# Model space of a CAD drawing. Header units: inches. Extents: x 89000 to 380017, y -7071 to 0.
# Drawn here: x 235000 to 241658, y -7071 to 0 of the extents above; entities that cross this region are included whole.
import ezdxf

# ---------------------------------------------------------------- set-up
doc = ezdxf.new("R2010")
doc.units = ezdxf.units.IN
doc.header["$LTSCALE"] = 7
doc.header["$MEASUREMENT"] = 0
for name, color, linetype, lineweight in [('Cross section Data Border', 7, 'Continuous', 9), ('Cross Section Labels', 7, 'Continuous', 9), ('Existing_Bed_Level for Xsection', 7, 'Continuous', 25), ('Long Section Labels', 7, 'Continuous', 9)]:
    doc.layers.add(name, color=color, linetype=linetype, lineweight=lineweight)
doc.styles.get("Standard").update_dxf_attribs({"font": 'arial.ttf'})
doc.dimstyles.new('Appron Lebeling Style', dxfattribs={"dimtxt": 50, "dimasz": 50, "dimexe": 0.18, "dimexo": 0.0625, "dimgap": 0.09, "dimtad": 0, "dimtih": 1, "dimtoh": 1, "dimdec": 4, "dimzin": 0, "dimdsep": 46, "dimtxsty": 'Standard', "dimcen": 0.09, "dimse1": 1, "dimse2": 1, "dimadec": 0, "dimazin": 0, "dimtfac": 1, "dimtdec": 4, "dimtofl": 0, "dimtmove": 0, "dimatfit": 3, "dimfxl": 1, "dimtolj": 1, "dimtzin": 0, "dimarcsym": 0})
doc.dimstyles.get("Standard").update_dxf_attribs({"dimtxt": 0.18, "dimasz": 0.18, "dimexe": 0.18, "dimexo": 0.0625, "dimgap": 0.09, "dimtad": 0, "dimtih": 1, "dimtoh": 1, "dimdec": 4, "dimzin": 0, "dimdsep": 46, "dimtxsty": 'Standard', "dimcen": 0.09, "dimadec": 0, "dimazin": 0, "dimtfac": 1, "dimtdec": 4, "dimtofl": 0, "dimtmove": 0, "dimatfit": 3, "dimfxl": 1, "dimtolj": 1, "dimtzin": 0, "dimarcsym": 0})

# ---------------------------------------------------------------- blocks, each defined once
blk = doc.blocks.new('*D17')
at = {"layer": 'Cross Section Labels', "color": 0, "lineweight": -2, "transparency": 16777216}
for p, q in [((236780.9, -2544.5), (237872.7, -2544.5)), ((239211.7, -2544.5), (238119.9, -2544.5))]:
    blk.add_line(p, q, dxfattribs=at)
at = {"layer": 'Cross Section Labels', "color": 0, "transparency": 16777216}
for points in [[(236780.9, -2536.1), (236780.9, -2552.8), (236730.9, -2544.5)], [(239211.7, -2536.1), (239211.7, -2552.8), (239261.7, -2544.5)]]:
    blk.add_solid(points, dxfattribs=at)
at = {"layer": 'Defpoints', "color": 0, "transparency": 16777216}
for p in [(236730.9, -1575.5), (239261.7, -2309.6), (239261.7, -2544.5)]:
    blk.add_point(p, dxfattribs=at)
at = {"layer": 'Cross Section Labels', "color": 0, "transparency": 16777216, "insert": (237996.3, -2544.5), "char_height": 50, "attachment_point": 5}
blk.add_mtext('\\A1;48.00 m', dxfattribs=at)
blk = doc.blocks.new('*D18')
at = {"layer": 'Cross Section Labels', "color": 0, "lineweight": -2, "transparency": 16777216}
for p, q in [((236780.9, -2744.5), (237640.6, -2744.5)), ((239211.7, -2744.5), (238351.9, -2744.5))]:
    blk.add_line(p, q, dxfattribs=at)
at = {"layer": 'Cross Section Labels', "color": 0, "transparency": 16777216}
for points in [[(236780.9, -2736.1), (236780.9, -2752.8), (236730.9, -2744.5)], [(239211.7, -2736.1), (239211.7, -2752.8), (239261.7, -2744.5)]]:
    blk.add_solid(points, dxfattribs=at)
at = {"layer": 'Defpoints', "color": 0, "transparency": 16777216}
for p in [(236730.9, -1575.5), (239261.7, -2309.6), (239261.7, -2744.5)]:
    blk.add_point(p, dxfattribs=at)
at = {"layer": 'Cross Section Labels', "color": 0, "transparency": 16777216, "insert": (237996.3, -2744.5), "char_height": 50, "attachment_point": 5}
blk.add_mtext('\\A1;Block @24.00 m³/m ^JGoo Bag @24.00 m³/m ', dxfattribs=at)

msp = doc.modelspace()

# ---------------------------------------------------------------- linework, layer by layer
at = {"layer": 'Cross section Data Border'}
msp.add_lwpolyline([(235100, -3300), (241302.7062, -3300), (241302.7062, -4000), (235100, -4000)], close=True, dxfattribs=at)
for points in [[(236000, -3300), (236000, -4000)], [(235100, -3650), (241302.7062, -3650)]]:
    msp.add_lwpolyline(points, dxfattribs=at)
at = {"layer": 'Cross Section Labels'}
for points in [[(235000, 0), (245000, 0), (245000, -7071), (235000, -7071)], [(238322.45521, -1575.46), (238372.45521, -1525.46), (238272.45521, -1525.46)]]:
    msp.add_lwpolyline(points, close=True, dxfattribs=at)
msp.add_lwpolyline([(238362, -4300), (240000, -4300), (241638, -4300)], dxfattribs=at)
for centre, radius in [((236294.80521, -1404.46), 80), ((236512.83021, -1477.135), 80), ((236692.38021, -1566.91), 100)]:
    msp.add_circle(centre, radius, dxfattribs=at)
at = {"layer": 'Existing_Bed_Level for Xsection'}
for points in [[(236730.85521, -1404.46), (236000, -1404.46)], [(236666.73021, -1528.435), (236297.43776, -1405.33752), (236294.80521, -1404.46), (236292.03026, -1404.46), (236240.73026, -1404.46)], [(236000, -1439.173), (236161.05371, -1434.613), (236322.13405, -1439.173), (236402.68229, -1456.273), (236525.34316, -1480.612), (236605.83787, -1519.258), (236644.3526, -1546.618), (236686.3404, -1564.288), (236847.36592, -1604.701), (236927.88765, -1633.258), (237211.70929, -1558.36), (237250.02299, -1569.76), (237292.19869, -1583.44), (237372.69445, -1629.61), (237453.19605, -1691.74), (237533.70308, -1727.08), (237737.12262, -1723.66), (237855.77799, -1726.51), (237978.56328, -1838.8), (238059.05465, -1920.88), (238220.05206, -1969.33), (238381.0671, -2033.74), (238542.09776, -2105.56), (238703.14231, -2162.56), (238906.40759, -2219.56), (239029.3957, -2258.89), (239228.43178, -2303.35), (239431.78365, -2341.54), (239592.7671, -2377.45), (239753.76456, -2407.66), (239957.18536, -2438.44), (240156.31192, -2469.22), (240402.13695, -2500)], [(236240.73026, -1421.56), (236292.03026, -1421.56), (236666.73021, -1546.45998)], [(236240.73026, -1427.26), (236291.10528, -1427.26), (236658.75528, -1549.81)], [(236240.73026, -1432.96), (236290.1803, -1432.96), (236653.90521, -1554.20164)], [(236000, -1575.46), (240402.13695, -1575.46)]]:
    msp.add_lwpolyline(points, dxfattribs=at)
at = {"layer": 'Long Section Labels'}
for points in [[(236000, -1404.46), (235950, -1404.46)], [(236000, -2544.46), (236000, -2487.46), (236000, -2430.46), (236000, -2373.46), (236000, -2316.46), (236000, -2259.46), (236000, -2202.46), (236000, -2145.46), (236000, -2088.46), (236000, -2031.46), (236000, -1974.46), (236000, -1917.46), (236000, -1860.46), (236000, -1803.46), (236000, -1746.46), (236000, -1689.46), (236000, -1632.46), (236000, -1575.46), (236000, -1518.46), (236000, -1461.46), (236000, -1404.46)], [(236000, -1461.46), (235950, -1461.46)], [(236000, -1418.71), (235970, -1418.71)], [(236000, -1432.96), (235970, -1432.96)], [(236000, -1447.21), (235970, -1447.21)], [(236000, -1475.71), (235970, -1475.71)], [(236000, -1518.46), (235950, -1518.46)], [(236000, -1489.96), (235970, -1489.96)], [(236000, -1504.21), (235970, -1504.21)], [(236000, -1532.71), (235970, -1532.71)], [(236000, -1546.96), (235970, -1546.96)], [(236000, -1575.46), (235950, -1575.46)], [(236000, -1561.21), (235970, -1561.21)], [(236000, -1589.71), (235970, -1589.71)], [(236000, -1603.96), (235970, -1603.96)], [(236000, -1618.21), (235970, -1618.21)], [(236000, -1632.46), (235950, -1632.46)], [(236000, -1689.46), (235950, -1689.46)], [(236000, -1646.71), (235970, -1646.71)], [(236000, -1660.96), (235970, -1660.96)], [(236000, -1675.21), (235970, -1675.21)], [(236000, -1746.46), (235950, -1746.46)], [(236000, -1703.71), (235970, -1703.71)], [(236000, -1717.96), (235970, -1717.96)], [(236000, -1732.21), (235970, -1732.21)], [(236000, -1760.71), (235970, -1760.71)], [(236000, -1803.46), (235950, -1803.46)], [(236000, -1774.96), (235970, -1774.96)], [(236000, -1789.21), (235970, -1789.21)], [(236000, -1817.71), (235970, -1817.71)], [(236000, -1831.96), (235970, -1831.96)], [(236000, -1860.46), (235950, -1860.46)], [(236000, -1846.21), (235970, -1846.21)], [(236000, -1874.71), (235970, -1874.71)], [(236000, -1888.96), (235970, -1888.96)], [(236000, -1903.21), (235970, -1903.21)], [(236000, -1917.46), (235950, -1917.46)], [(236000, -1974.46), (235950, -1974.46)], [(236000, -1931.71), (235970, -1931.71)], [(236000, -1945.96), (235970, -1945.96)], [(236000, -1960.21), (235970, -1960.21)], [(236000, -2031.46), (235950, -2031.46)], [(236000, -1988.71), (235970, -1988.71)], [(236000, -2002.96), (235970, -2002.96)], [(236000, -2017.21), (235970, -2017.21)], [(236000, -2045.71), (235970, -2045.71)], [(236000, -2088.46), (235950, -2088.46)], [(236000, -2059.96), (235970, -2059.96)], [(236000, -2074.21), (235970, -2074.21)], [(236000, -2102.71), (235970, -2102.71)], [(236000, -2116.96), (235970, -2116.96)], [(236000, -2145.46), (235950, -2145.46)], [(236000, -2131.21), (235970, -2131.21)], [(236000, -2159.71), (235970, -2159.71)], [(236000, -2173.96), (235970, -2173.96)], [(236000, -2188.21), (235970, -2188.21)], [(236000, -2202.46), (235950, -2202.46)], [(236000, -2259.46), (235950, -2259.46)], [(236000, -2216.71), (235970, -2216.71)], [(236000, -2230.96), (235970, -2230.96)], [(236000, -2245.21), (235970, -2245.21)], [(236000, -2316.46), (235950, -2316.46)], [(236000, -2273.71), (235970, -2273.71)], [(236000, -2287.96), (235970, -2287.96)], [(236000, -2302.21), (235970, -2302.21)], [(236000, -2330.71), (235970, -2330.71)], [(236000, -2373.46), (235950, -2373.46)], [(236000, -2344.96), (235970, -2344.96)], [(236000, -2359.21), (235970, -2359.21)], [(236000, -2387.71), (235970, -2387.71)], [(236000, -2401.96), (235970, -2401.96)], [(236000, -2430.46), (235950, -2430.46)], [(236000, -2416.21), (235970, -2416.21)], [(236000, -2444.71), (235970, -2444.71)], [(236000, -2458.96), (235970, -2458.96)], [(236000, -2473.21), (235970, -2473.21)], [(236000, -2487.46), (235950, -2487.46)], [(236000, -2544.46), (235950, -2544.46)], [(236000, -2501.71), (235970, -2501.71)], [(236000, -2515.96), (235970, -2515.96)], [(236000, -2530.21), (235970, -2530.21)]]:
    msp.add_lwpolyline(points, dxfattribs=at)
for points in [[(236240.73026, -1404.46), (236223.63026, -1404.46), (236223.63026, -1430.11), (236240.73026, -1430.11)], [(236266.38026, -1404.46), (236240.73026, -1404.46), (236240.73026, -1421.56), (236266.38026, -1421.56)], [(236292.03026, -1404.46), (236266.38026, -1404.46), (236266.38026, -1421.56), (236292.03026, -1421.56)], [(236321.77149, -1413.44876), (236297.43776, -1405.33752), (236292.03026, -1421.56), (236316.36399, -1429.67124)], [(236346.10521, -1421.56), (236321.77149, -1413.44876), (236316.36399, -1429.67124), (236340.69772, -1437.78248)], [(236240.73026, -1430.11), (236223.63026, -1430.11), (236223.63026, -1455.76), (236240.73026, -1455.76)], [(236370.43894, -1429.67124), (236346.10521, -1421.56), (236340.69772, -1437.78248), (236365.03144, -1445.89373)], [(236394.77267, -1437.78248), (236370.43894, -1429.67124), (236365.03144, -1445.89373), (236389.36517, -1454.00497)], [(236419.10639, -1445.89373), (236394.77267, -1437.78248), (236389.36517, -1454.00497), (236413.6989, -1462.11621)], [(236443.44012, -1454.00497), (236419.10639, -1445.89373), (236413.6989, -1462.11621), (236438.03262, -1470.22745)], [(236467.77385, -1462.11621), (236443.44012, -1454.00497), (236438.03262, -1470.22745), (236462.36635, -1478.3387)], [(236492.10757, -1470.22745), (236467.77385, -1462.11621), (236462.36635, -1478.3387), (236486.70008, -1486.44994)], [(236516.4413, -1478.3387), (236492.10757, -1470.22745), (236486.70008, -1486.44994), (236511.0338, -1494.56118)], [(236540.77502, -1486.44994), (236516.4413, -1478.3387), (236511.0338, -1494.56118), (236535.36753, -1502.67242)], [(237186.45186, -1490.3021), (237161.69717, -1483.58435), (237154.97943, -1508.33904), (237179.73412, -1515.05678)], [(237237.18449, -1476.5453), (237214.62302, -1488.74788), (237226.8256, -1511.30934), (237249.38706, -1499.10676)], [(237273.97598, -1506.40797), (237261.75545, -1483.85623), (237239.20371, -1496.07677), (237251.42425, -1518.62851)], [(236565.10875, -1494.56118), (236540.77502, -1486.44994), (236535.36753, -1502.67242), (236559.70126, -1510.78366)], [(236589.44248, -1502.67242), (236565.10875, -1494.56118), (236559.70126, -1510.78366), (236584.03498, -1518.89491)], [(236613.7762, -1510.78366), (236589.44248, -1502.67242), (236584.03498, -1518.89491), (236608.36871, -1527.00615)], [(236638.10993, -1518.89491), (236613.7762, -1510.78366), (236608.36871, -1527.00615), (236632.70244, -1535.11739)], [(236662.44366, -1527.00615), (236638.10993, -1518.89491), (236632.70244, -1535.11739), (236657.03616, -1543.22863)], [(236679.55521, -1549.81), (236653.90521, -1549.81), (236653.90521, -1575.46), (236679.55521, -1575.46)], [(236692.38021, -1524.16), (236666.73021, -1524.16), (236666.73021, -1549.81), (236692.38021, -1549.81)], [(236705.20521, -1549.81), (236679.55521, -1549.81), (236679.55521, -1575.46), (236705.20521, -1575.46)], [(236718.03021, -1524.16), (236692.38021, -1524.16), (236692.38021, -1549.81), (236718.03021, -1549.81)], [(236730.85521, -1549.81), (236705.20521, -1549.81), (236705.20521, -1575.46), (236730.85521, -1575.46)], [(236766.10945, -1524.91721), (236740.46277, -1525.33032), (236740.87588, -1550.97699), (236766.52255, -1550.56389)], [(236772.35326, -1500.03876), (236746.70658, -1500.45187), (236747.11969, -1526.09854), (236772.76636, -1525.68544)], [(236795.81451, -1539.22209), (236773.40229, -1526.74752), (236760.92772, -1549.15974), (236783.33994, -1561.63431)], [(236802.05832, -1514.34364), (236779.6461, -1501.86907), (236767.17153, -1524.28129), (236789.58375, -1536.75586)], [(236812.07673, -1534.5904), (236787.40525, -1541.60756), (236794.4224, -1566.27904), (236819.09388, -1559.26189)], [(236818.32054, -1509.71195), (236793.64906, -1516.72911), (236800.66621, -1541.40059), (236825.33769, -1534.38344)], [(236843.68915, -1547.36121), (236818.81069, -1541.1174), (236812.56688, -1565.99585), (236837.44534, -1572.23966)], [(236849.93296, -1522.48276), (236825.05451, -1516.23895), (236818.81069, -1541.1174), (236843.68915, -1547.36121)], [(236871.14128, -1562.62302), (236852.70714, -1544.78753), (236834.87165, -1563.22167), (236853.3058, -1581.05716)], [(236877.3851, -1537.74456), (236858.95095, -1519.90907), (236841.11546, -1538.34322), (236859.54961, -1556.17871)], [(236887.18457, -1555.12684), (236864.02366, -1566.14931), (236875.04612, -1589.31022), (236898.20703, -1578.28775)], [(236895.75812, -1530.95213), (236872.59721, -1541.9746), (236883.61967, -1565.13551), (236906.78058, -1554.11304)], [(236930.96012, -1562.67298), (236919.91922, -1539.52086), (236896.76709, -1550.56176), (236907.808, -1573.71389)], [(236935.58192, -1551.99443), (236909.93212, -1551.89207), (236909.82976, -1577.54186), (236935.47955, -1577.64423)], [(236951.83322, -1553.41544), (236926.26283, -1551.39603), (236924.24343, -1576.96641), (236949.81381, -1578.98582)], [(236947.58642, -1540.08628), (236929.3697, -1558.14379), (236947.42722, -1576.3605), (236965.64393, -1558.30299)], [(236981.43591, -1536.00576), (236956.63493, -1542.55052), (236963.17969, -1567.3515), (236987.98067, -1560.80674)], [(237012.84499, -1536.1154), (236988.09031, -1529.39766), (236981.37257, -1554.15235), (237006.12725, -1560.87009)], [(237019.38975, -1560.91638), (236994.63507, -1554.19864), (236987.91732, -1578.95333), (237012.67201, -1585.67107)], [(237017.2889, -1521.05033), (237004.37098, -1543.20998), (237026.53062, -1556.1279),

[What you should do] What is wanted is every line from the first line of the entries through the line that contains "blk = doc.blocks.new('*D17')", given again exactly.

[Response area]
# Model space of a CAD drawing. Header units: inches. Extents: x 89000 to 380017, y -7071 to 0.
# Drawn here: x 235000 to 241658, y -7071 to 0 of the extents above; entities that cross this region are included whole.
import ezdxf

# ---------------------------------------------------------------- set-up
doc = ezdxf.new("R2010")
doc.units = ezdxf.units.IN
doc.header["$LTSCALE"] = 7
doc.header["$MEASUREMENT"] = 0
for name, color, linetype, lineweight in [('Cross section Data Border', 7, 'Continuous', 9), ('Cross Section Labels', 7, 'Continuous', 9), ('Existing_Bed_Level for Xsection', 7, 'Continuous', 25), ('Long Section Labels', 7, 'Continuous', 9)]:
    doc.layers.add(name, color=color, linetype=linetype, lineweight=lineweight)
doc.styles.get("Standard").update_dxf_attribs({"font": 'arial.ttf'})
doc.dimstyles.new('Appron Lebeling Style', dxfattribs={"dimtxt": 50, "dimasz": 50, "dimexe": 0.18, "dimexo": 0.0625, "dimgap": 0.09, "dimtad": 0, "dimtih": 1, "dimtoh": 1, "dimdec": 4, "dimzin": 0, "dimdsep": 46, "dimtxsty": 'Standard', "dimcen": 0.09, "dimse1": 1, "dimse2": 1, "dimadec": 0, "dimazin": 0, "dimtfac": 1, "dimtdec": 4, "dimtofl": 0, "dimtmove": 0, "dimatfit": 3, "dimfxl": 1, "dimtolj": 1, "dimtzin": 0, "dimarcsym": 0})
doc.dimstyles.get("Standard").update_dxf_attribs({"dimtxt": 0.18, "dimasz": 0.18, "dimexe": 0.18, "dimexo": 0.0625, "dimgap": 0.09, "dimtad": 0, "dimtih": 1, "dimtoh": 1, "dimdec": 4, "dimzin": 0, "dimdsep": 46, "dimtxsty": 'Standard', "dimcen": 0.09, "dimadec": 0, "dimazin": 0, "dimtfac": 1, "dimtdec": 4, "dimtofl": 0, "dimtmove": 0, "dimatfit": 3, "dimfxl": 1, "dimtolj": 1, "dimtzin": 0, "dimarcsym": 0})

# ---------------------------------------------------------------- blocks, each defined once
blk = doc.blocks.new('*D17')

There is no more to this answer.